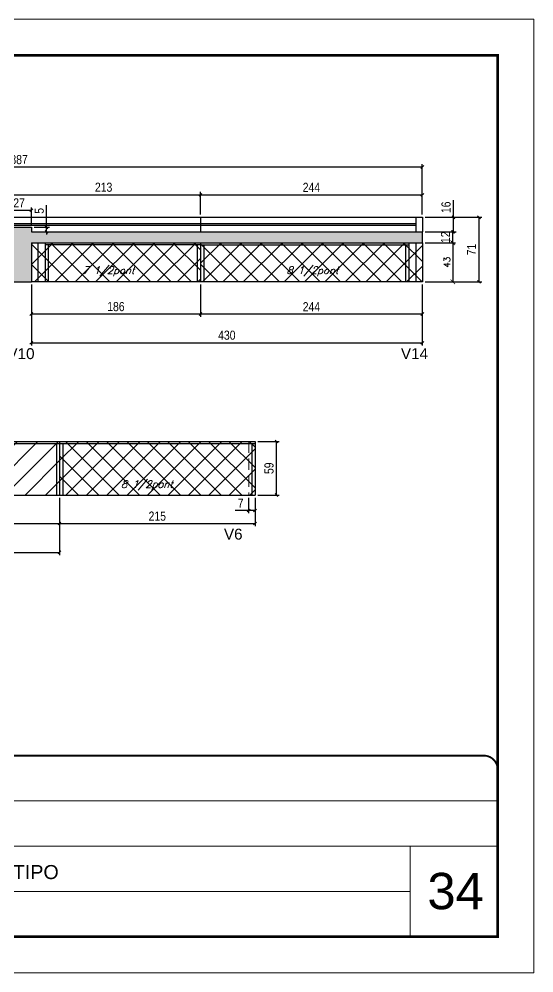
# Model space of a CAD drawing. Extents: x -10448 to -1189, y -11772 to 17235.
# Drawn here: x -7944 to -7378, y 6606 to 7656 of the extents above; entities that cross this region are included whole.
import ezdxf

# ---------------------------------------------------------------- set-up
doc = ezdxf.new("R2010")
doc.units = 0
for name, pattern in [('CONTINUO', [0]), ('DASHED', [0.75, 0.5, -0.25]), ('HIDDEN', [0.375, 0.25, -0.125])]:
    doc.linetypes.add(name, pattern=pattern)
for name, color, linetype in [('5', 5, 'Continuous'), ('COTA', 241, 'Continuous'), ('Painéis', 200, 'Continuous'), ('Reaproveitamento', 251, 'Continuous'), ('SARR_2.2x7', 40, 'Continuous'), ('SARR_3.5x7', 81, 'Continuous'), ('texto', 7, 'Continuous')]:
    doc.layers.add(name, color=color, linetype=linetype)
for name, color, linetype, lineweight in [('CARIMBO', 255, 'Continuous', 9), ('Folhas', 255, 'Continuous', 9), ('Hachura', 251, 'Continuous', 9), ('Sarr 2.2x7', 40, 'Continuous', 9), ('SARRAFO DE PRESSAO', 251, 'DASHED', 9)]:
    doc.layers.add(name, color=color, linetype=linetype, lineweight=lineweight)
doc.styles.add('ARIAL', font='arial.ttf')
doc.styles.add('COTA TECNICA', font='techl___.ttf', dxfattribs={"height": 10})
doc.styles.add('Romans', font='romans.shx')
doc.styles.get("Standard").update_dxf_attribs({"font": 'arial.ttf'})
doc.dimstyles.new('Cota Paínel', dxfattribs={"dimtxt": 7, "dimasz": 5, "dimexe": 3, "dimexo": 3, "dimgap": 3, "dimtad": 1, "dimdec": 1, "dimzin": 12, "dimdsep": 46, "dimtxsty": 'Romans', "dimblk": 'ARCHTICK', "dimcen": 0, "dimclrd": 4, "dimclre": 4, "dimclrt": 1, "dimadec": 1, "dimazin": 3, "dimtfac": 1, "dimtdec": 1, "dimtmove": 0, "dimatfit": 3, "dimldrblk": 'OBLIQUE', "dimfxl": 1, "dimtolj": 1, "dimtzin": 12, "dimarcsym": 0})
doc.dimstyles.new('PAINEL', dxfattribs={"dimtxt": 10, "dimasz": 3, "dimexe": 3, "dimexo": 3, "dimgap": 3, "dimtad": 1, "dimdec": 1, "dimzin": 12, "dimdsep": 46, "dimtxsty": 'COTA TECNICA', "dimblk1": 'OBLIQUE', "dimblk2": 'OBLIQUE', "dimsah": 1, "dimcen": 0.9, "dimclrd": 4, "dimclre": 4, "dimclrt": 240, "dimadec": 1, "dimazin": 3, "dimtfac": 1, "dimtdec": 1, "dimtmove": 0, "dimatfit": 3, "dimfxl": 1, "dimtolj": 1, "dimtzin": 12, "dimarcsym": 0})
pattern_1 = [(45, (-139469.283, -18320.478), (-11.2253202, 11.2253202), []), (135, (-139469.283, -18320.478), (-11.2253202, -11.2253202), [])]

# ---------------------------------------------------------------- blocks, each defined once
blk = doc.blocks.new('9999999999')
at = {"color": 30, "linetype": 'CONTINUO'}
for p, q in [((98564.6, 34379.6), (99584, 34379.6)), ((98564.6, 34329.8), (99488, 34329.8)), ((99584, 34329.8), (99488, 34329.8)), ((99488, 34329.8), (99488, 34230.2)), ((98564.6, 34280), (99488, 34280))]:
    blk.add_line(p, q, dxfattribs=at)
at = {"color": 30, "linetype": 'CONTINUO', "const_width": 2}
blk.add_lwpolyline([(99584, 34230.2), (99584, 34414.4, 0.414214), (99569, 34429.4), (98229, 34429.4, 0.414214), (98214, 34414.4), (98214, 34245.2, 0.414214), (98229, 34230.2), (99584, 34230.2)], format="xyb", dxfattribs=at)
at = {"layer": 'Folhas'}
blk.add_lwpolyline([(98139, 34190.2), (99624, 34190.2), (99624, 35240.2), (98139, 35240.2)], close=True, dxfattribs=at)
at = {"layer": 'Folhas', "color": 30, "const_width": 3}
blk.add_lwpolyline([(98214, 34230.2), (99584, 34230.2), (99584, 35200.2), (98214, 35200.2)], close=True, dxfattribs=at)
at = {"color": 7, "linetype": 'Continuous', "ltscale": 5, "style": 'ARIAL'}
blk.add_text('2°, 3° E PAVIMENTO TIPO', height=15.483, dxfattribs=at).set_placement((98837.7, 34293.5))
blk = doc.blocks.new('_Oblique')
at = {"color": 0, "linetype": 'ByBlock', "lineweight": -2}
blk.add_line((-0.5, -0.5), (0.5, 0.5), dxfattribs=at)
blk = doc.blocks.new('*D1611')
at = {"layer": 'COTA', "color": 4, "linetype": 'ByBlock', "lineweight": -2, "transparency": 16777216}
for p, q in [((-8144, 7128.7), (-8144, 7097.3)), ((-7900, 7128.7), (-7900, 7097.3)), ((-8144, 7100.3), (-7900, 7100.3))]:
    blk.add_line(p, q, dxfattribs=at)
at = {"layer": 'Defpoints', "color": 0, "linetype": 'ByBlock', "transparency": 16777216}
for p in [(-8144, 7131.7), (-7900, 7131.7), (-7900, 7100.3)]:
    blk.add_point(p, dxfattribs=at)
at = {"layer": 'COTA', "color": 4, "linetype": 'ByBlock', "lineweight": -2, "transparency": 16777216, "xscale": 3, "yscale": 3, "zscale": 3, "rotation": 180}
blk.add_blockref('_Oblique', (-8144, 7100.3), dxfattribs=at)
at = {"layer": 'COTA', "color": 4, "linetype": 'ByBlock', "lineweight": -2, "transparency": 16777216, "xscale": 3, "yscale": 3, "zscale": 3}
blk.add_blockref('_Oblique', (-7900, 7100.3), dxfattribs=at)
at = {"layer": 'COTA', "color": 240, "linetype": 'ByBlock', "transparency": 16777216, "insert": (-8022, 7108.3), "char_height": 10, "attachment_point": 5, "style": 'COTA TECNICA'}
blk.add_mtext('\\A1;244', dxfattribs=at)
blk = doc.blocks.new('*D1612')
at = {"layer": 'COTA', "color": 4, "linetype": 'ByBlock', "lineweight": -2, "transparency": 16777216}
for p, q in [((-7900, 7128.7), (-7900, 7097.3)), ((-7685, 7128.7), (-7685, 7097.3)), ((-7900, 7100.3), (-7685, 7100.3))]:
    blk.add_line(p, q, dxfattribs=at)
at = {"layer": 'Defpoints', "color": 0, "linetype": 'ByBlock', "transparency": 16777216}
for p in [(-7900, 7131.7), (-7685, 7131.7), (-7685, 7100.3)]:
    blk.add_point(p, dxfattribs=at)
at = {"layer": 'COTA', "color": 4, "linetype": 'ByBlock', "lineweight": -2, "transparency": 16777216, "xscale": 3, "yscale": 3, "zscale": 3, "rotation": 180}
blk.add_blockref('_Oblique', (-7900, 7100.3), dxfattribs=at)
at = {"layer": 'COTA', "color": 4, "linetype": 'ByBlock', "lineweight": -2, "transparency": 16777216, "xscale": 3, "yscale": 3, "zscale": 3}
blk.add_blockref('_Oblique', (-7685, 7100.3), dxfattribs=at)
at = {"layer": 'COTA', "color": 240, "linetype": 'ByBlock', "transparency": 16777216, "insert": (-7792.5, 7108.4), "char_height": 10, "attachment_point": 5, "style": 'COTA TECNICA'}
blk.add_mtext('\\A1;215', dxfattribs=at)
blk = doc.blocks.new('*D1613')
at = {"layer": 'COTA', "color": 4, "linetype": 'ByBlock', "lineweight": -2, "transparency": 16777216}
for p, q in [((-7692, 7128.7), (-7692, 7111.7)), ((-7685, 7128.7), (-7685, 7111.7)), ((-7692, 7114.7), (-7706.7, 7114.7)), ((-7685, 7114.7), (-7692, 7114.7))]:
    blk.add_line(p, q, dxfattribs=at)
at = {"layer": 'Defpoints', "color": 0, "linetype": 'ByBlock', "transparency": 16777216}
for p in [(-7692, 7131.7), (-7685, 7131.7), (-7692, 7114.7)]:
    blk.add_point(p, dxfattribs=at)
at = {"layer": 'COTA', "color": 4, "linetype": 'ByBlock', "lineweight": -2, "transparency": 16777216, "xscale": 3, "yscale": 3, "zscale": 3, "rotation": 180}
blk.add_blockref('_Oblique', (-7692, 7114.7), dxfattribs=at)
at = {"layer": 'COTA', "color": 4, "linetype": 'ByBlock', "lineweight": -2, "transparency": 16777216, "xscale": 3, "yscale": 3, "zscale": 3}
blk.add_blockref('_Oblique', (-7685, 7114.7), dxfattribs=at)
at = {"layer": 'COTA', "color": 240, "linetype": 'ByBlock', "transparency": 16777216, "insert": (-7700.8, 7122.8), "char_height": 10, "attachment_point": 5, "style": 'COTA TECNICA'}
blk.add_mtext('\\A1;7', dxfattribs=at)
blk = doc.blocks.new('*D1615')
at = {"layer": 'COTA', "color": 4, "linetype": 'ByBlock', "lineweight": -2, "transparency": 16777216}
for p, q in [((-7682, 7190.7), (-7658.5, 7190.7)), ((-7661.5, 7131.7), (-7661.5, 7190.7)), ((-7682, 7131.7), (-7658.5, 7131.7))]:
    blk.add_line(p, q, dxfattribs=at)
at = {"layer": 'Defpoints', "color": 0, "linetype": 'ByBlock', "transparency": 16777216}
for p in [(-7685, 7190.7), (-7661.5, 7190.7), (-7685, 7131.7)]:
    blk.add_point(p, dxfattribs=at)
at = {"layer": 'COTA', "color": 4, "linetype": 'ByBlock', "lineweight": -2, "transparency": 16777216, "xscale": 3, "yscale": 3, "zscale": 3}
for p, rotation in [((-7661.5, 7190.7), 90), ((-7661.5, 7131.7), 270)]:
    blk.add_blockref('_Oblique', p, dxfattribs=dict(at, rotation=rotation))
at = {"layer": 'COTA', "color": 240, "linetype": 'ByBlock', "transparency": 16777216, "insert": (-7669.6, 7161.2), "char_height": 10, "attachment_point": 5, "rotation": 90, "style": 'COTA TECNICA'}
blk.add_mtext('\\A1;59', dxfattribs=at)
blk = doc.blocks.new('*D1616')
at = {"layer": 'COTA', "color": 4, "linetype": 'ByBlock', "lineweight": -2, "transparency": 16777216}
for p, q in [((-8144, 7128.7), (-8144, 7065.6)), ((-7900, 7128.7), (-7900, 7065.6)), ((-8144, 7068.6), (-7900, 7068.6))]:
    blk.add_line(p, q, dxfattribs=at)
at = {"layer": 'Defpoints', "color": 0, "linetype": 'ByBlock', "transparency": 16777216}
for p in [(-8144, 7131.7), (-7900, 7131.7), (-7900, 7068.6)]:
    blk.add_point(p, dxfattribs=at)
at = {"layer": 'COTA', "color": 4, "linetype": 'ByBlock', "lineweight": -2, "transparency": 16777216, "xscale": 3, "yscale": 3, "zscale": 3, "rotation": 180}
blk.add_blockref('_Oblique', (-8144, 7068.6), dxfattribs=at)
at = {"layer": 'COTA', "color": 4, "linetype": 'ByBlock', "lineweight": -2, "transparency": 16777216, "xscale": 3, "yscale": 3, "zscale": 3}
blk.add_blockref('_Oblique', (-7900, 7068.6), dxfattribs=at)
at = {"layer": 'COTA', "color": 240, "linetype": 'ByBlock', "transparency": 16777216, "insert": (-8022, 7076.7), "char_height": 10, "attachment_point": 5, "style": 'COTA TECNICA'}
blk.add_mtext('\\A1;2X', dxfattribs=at)
blk = doc.blocks.new('*D1619')
at = {"layer": 'COTA', "color": 4, "linetype": 'ByBlock', "lineweight": -2, "transparency": 16777216}
for p, q in [((-7931, 7363.4), (-7931, 7328)), ((-7745, 7363.4), (-7745, 7328)), ((-7931, 7331), (-7745, 7331))]:
    blk.add_line(p, q, dxfattribs=at)
at = {"layer": 'Defpoints', "color": 0, "linetype": 'ByBlock', "transparency": 16777216}
for p in [(-7931, 7366.4), (-7745, 7366.4), (-7745, 7331)]:
    blk.add_point(p, dxfattribs=at)
at = {"layer": 'COTA', "color": 4, "linetype": 'ByBlock', "lineweight": -2, "transparency": 16777216, "xscale": 3, "yscale": 3, "zscale": 3, "rotation": 180}
blk.add_blockref('_Oblique', (-7931, 7331), dxfattribs=at)
at = {"layer": 'COTA', "color": 4, "linetype": 'ByBlock', "lineweight": -2, "transparency": 16777216, "xscale": 3, "yscale": 3, "zscale": 3}
blk.add_blockref('_Oblique', (-7745, 7331), dxfattribs=at)
at = {"layer": 'COTA', "color": 240, "linetype": 'ByBlock', "transparency": 16777216, "insert": (-7838, 7339.1), "char_height": 10, "attachment_point": 5, "style": 'COTA TECNICA'}
blk.add_mtext('\\A1;186', dxfattribs=at)
blk = doc.blocks.new('*D1620')
at = {"layer": 'COTA', "color": 4, "linetype": 'ByBlock', "lineweight": -2, "transparency": 16777216}
for p, q in [((-7745, 7363.4), (-7745, 7328)), ((-7501, 7363.4), (-7501, 7328)), ((-7745, 7331), (-7501, 7331))]:
    blk.add_line(p, q, dxfattribs=at)
at = {"layer": 'Defpoints', "color": 0, "linetype": 'ByBlock', "transparency": 16777216}
for p in [(-7745, 7366.4), (-7501, 7366.4), (-7501, 7331)]:
    blk.add_point(p, dxfattribs=at)
at = {"layer": 'COTA', "color": 4, "linetype": 'ByBlock', "lineweight": -2, "transparency": 16777216, "xscale": 3, "yscale": 3, "zscale": 3, "rotation": 180}
blk.add_blockref('_Oblique', (-7745, 7331), dxfattribs=at)
at = {"layer": 'COTA', "color": 4, "linetype": 'ByBlock', "lineweight": -2, "transparency": 16777216, "xscale": 3, "yscale": 3, "zscale": 3}
blk.add_blockref('_Oblique', (-7501, 7331), dxfattribs=at)
at = {"layer": 'COTA', "color": 240, "linetype": 'ByBlock', "transparency": 16777216, "insert": (-7623, 7339), "char_height": 10, "attachment_point": 5, "style": 'COTA TECNICA'}
blk.add_mtext('\\A1;244', dxfattribs=at)
blk = doc.blocks.new('*D537')
at = {"layer": 'COTA', "color": 4, "linetype": 'ByBlock', "lineweight": -2, "transparency": 16777216}
for p, q in [((-7931, 7363.4), (-7931, 7296.3)), ((-7501, 7363.4), (-7501, 7296.3)), ((-7931, 7299.3), (-7501, 7299.3))]:
    blk.add_line(p, q, dxfattribs=at)
at = {"layer": 'Defpoints', "color": 0, "linetype": 'ByBlock', "transparency": 16777216}
for p in [(-7931, 7366.4), (-7501, 7366.4), (-7501, 7299.3)]:
    blk.add_point(p, dxfattribs=at)
at = {"layer": 'COTA', "color": 4, "linetype": 'ByBlock', "lineweight": -2, "transparency": 16777216, "xscale": 3, "yscale": 3, "zscale": 3, "rotation": 180}
blk.add_blockref('_Oblique', (-7931, 7299.3), dxfattribs=at)
at = {"layer": 'COTA', "color": 4, "linetype": 'ByBlock', "lineweight": -2, "transparency": 16777216, "xscale": 3, "yscale": 3, "zscale": 3}
blk.add_blockref('_Oblique', (-7501, 7299.3), dxfattribs=at)
at = {"layer": 'COTA', "color": 240, "linetype": 'ByBlock', "transparency": 16777216, "insert": (-7716, 7307.6), "char_height": 10, "attachment_point": 5, "style": 'COTA TECNICA'}
blk.add_mtext('\\A1;430', dxfattribs=at)
blk = doc.blocks.new('*D1621')
at = {"layer": 'COTA', "color": 4, "linetype": 'ByBlock', "lineweight": -2, "transparency": 16777216}
for p, q in [((-7958, 7440.4), (-7958, 7465.3)), ((-7958, 7462.3), (-7745, 7462.3)), ((-7745, 7440.4), (-7745, 7465.3))]:
    blk.add_line(p, q, dxfattribs=at)
at = {"layer": 'Defpoints', "color": 0, "linetype": 'ByBlock', "transparency": 16777216}
for p in [(-7745, 7462.3), (-7958, 7437.4), (-7745, 7437.4)]:
    blk.add_point(p, dxfattribs=at)
at = {"layer": 'COTA', "color": 4, "linetype": 'ByBlock', "lineweight": -2, "transparency": 16777216, "xscale": 3, "yscale": 3, "zscale": 3, "rotation": 180}
blk.add_blockref('_Oblique', (-7958, 7462.3), dxfattribs=at)
at = {"layer": 'COTA', "color": 4, "linetype": 'ByBlock', "lineweight": -2, "transparency": 16777216, "xscale": 3, "yscale": 3, "zscale": 3}
blk.add_blockref('_Oblique', (-7745, 7462.3), dxfattribs=at)
at = {"layer": 'COTA', "color": 240, "linetype": 'ByBlock', "transparency": 16777216, "insert": (-7851.5, 7470.5), "char_height": 10, "attachment_point": 5, "style": 'COTA TECNICA'}
blk.add_mtext('\\A1;213', dxfattribs=at)
blk = doc.blocks.new('*D1622')
at = {"layer": 'COTA', "color": 4, "linetype": 'ByBlock', "lineweight": -2, "transparency": 16777216}
for p, q in [((-7745, 7440.4), (-7745, 7465.3)), ((-7745, 7462.3), (-7501, 7462.3)), ((-7501, 7440.4), (-7501, 7465.3))]:
    blk.add_line(p, q, dxfattribs=at)
at = {"layer": 'Defpoints', "color": 0, "linetype": 'ByBlock', "transparency": 16777216}
for p in [(-7501, 7462.3), (-7745, 7437.4), (-7501, 7437.4)]:
    blk.add_point(p, dxfattribs=at)
at = {"layer": 'COTA', "color": 4, "linetype": 'ByBlock', "lineweight": -2, "transparency": 16777216, "xscale": 3, "yscale": 3, "zscale": 3, "rotation": 180}
blk.add_blockref('_Oblique', (-7745, 7462.3), dxfattribs=at)
at = {"layer": 'COTA', "color": 4, "linetype": 'ByBlock', "lineweight": -2, "transparency": 16777216, "xscale": 3, "yscale": 3, "zscale": 3}
blk.add_blockref('_Oblique', (-7501, 7462.3), dxfattribs=at)
at = {"layer": 'COTA', "color": 240, "linetype": 'ByBlock', "transparency": 16777216, "insert": (-7623, 7470.4), "char_height": 10, "attachment_point": 5, "style": 'COTA TECNICA'}
blk.add_mtext('\\A1;244', dxfattribs=at)
blk = doc.blocks.new('_ArchTick')
at = {"color": 0, "linetype": 'ByBlock', "const_width": 0.15}
blk.add_lwpolyline([(-0.5, -0.5), (0.5, 0.5)], dxfattribs=at)
blk = doc.blocks.new('*D539')
at = {"layer": 'COTA', "color": 4, "lineweight": -2, "transparency": 16777216}
for p, q in [((-7498, 7409.4), (-7464.5, 7409.4)), ((-7467.5, 7409.4), (-7467.5, 7366.4)), ((-7498, 7366.4), (-7464.5, 7366.4))]:
    blk.add_line(p, q, dxfattribs=at)
at = {"layer": 'Defpoints', "color": 0, "transparency": 16777216}
for p in [(-7501, 7409.4), (-7501, 7366.4), (-7467.5, 7366.4)]:
    blk.add_point(p, dxfattribs=at)
at = {"layer": 'COTA', "color": 4, "lineweight": -2, "transparency": 16777216, "xscale": 5, "yscale": 5, "zscale": 5}
for p, rotation in [((-7467.5, 7409.4), 90), ((-7467.5, 7366.4), 270)]:
    blk.add_blockref('_ArchTick', p, dxfattribs=dict(at, rotation=rotation))
at = {"layer": 'COTA', "color": 1, "transparency": 16777216, "insert": (-7474, 7387.9), "char_height": 7, "attachment_point": 5, "rotation": 90, "style": 'Romans'}
blk.add_mtext('\\A1;43', dxfattribs=at)
blk = doc.blocks.new('*D540')
at = {"layer": 'COTA', "color": 4, "linetype": 'ByBlock', "lineweight": -2, "transparency": 16777216}
for p, q in [((-7498, 7421.4), (-7464.5, 7421.4)), ((-7467.5, 7409.4), (-7467.5, 7421.4)), ((-7498, 7409.4), (-7464.5, 7409.4))]:
    blk.add_line(p, q, dxfattribs=at)
at = {"layer": 'Defpoints', "color": 0, "linetype": 'ByBlock', "transparency": 16777216}
for p in [(-7501, 7421.4), (-7467.5, 7421.4), (-7501, 7409.4)]:
    blk.add_point(p, dxfattribs=at)
at = {"layer": 'COTA', "color": 4, "linetype": 'ByBlock', "lineweight": -2, "transparency": 16777216, "xscale": 3, "yscale": 3, "zscale": 3}
for p, rotation in [((-7467.5, 7421.4), 90), ((-7467.5, 7409.4), 270)]:
    blk.add_blockref('_Oblique', p, dxfattribs=dict(at, rotation=rotation))
at = {"layer": 'COTA', "color": 240, "linetype": 'ByBlock', "transparency": 16777216, "insert": (-7475.5, 7415.4), "char_height": 10, "attachment_point": 5, "rotation": 90, "style": 'COTA TECNICA'}
blk.add_mtext('\\A1;12', dxfattribs=at)
blk = doc.blocks.new('*D541')
at = {"layer": 'COTA', "color": 4, "linetype": 'ByBlock', "lineweight": -2, "transparency": 16777216}
for p, q in [((-7498, 7437.4), (-7435.7, 7437.4)), ((-7438.7, 7437.4), (-7438.7, 7366.4)), ((-7498, 7366.4), (-7435.7, 7366.4))]:
    blk.add_line(p, q, dxfattribs=at)
at = {"layer": 'Defpoints', "color": 0, "linetype": 'ByBlock', "transparency": 16777216}
for p in [(-7501, 7437.4), (-7501, 7366.4), (-7438.7, 7366.4)]:
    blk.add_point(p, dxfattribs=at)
---*---
**WORK REQUIRED**
From the first line of the entries above down to the line holding "for name, pattern", quote each line exactly and nothing else, skipping pictures.

**TASK SOLUTION**
# Model space of a CAD drawing. Extents: x -10448 to -1189, y -11772 to 17235.
# Drawn here: x -7944 to -7378, y 6606 to 7656 of the extents above; entities that cross this region are included whole.
import ezdxf

# ---------------------------------------------------------------- set-up
doc = ezdxf.new("R2010")
doc.units = 0
for name, pattern in [('CONTINUO', [0]), ('DASHED', [0.75, 0.5, -0.25]), ('HIDDEN', [0.375, 0.25, -0.125])]:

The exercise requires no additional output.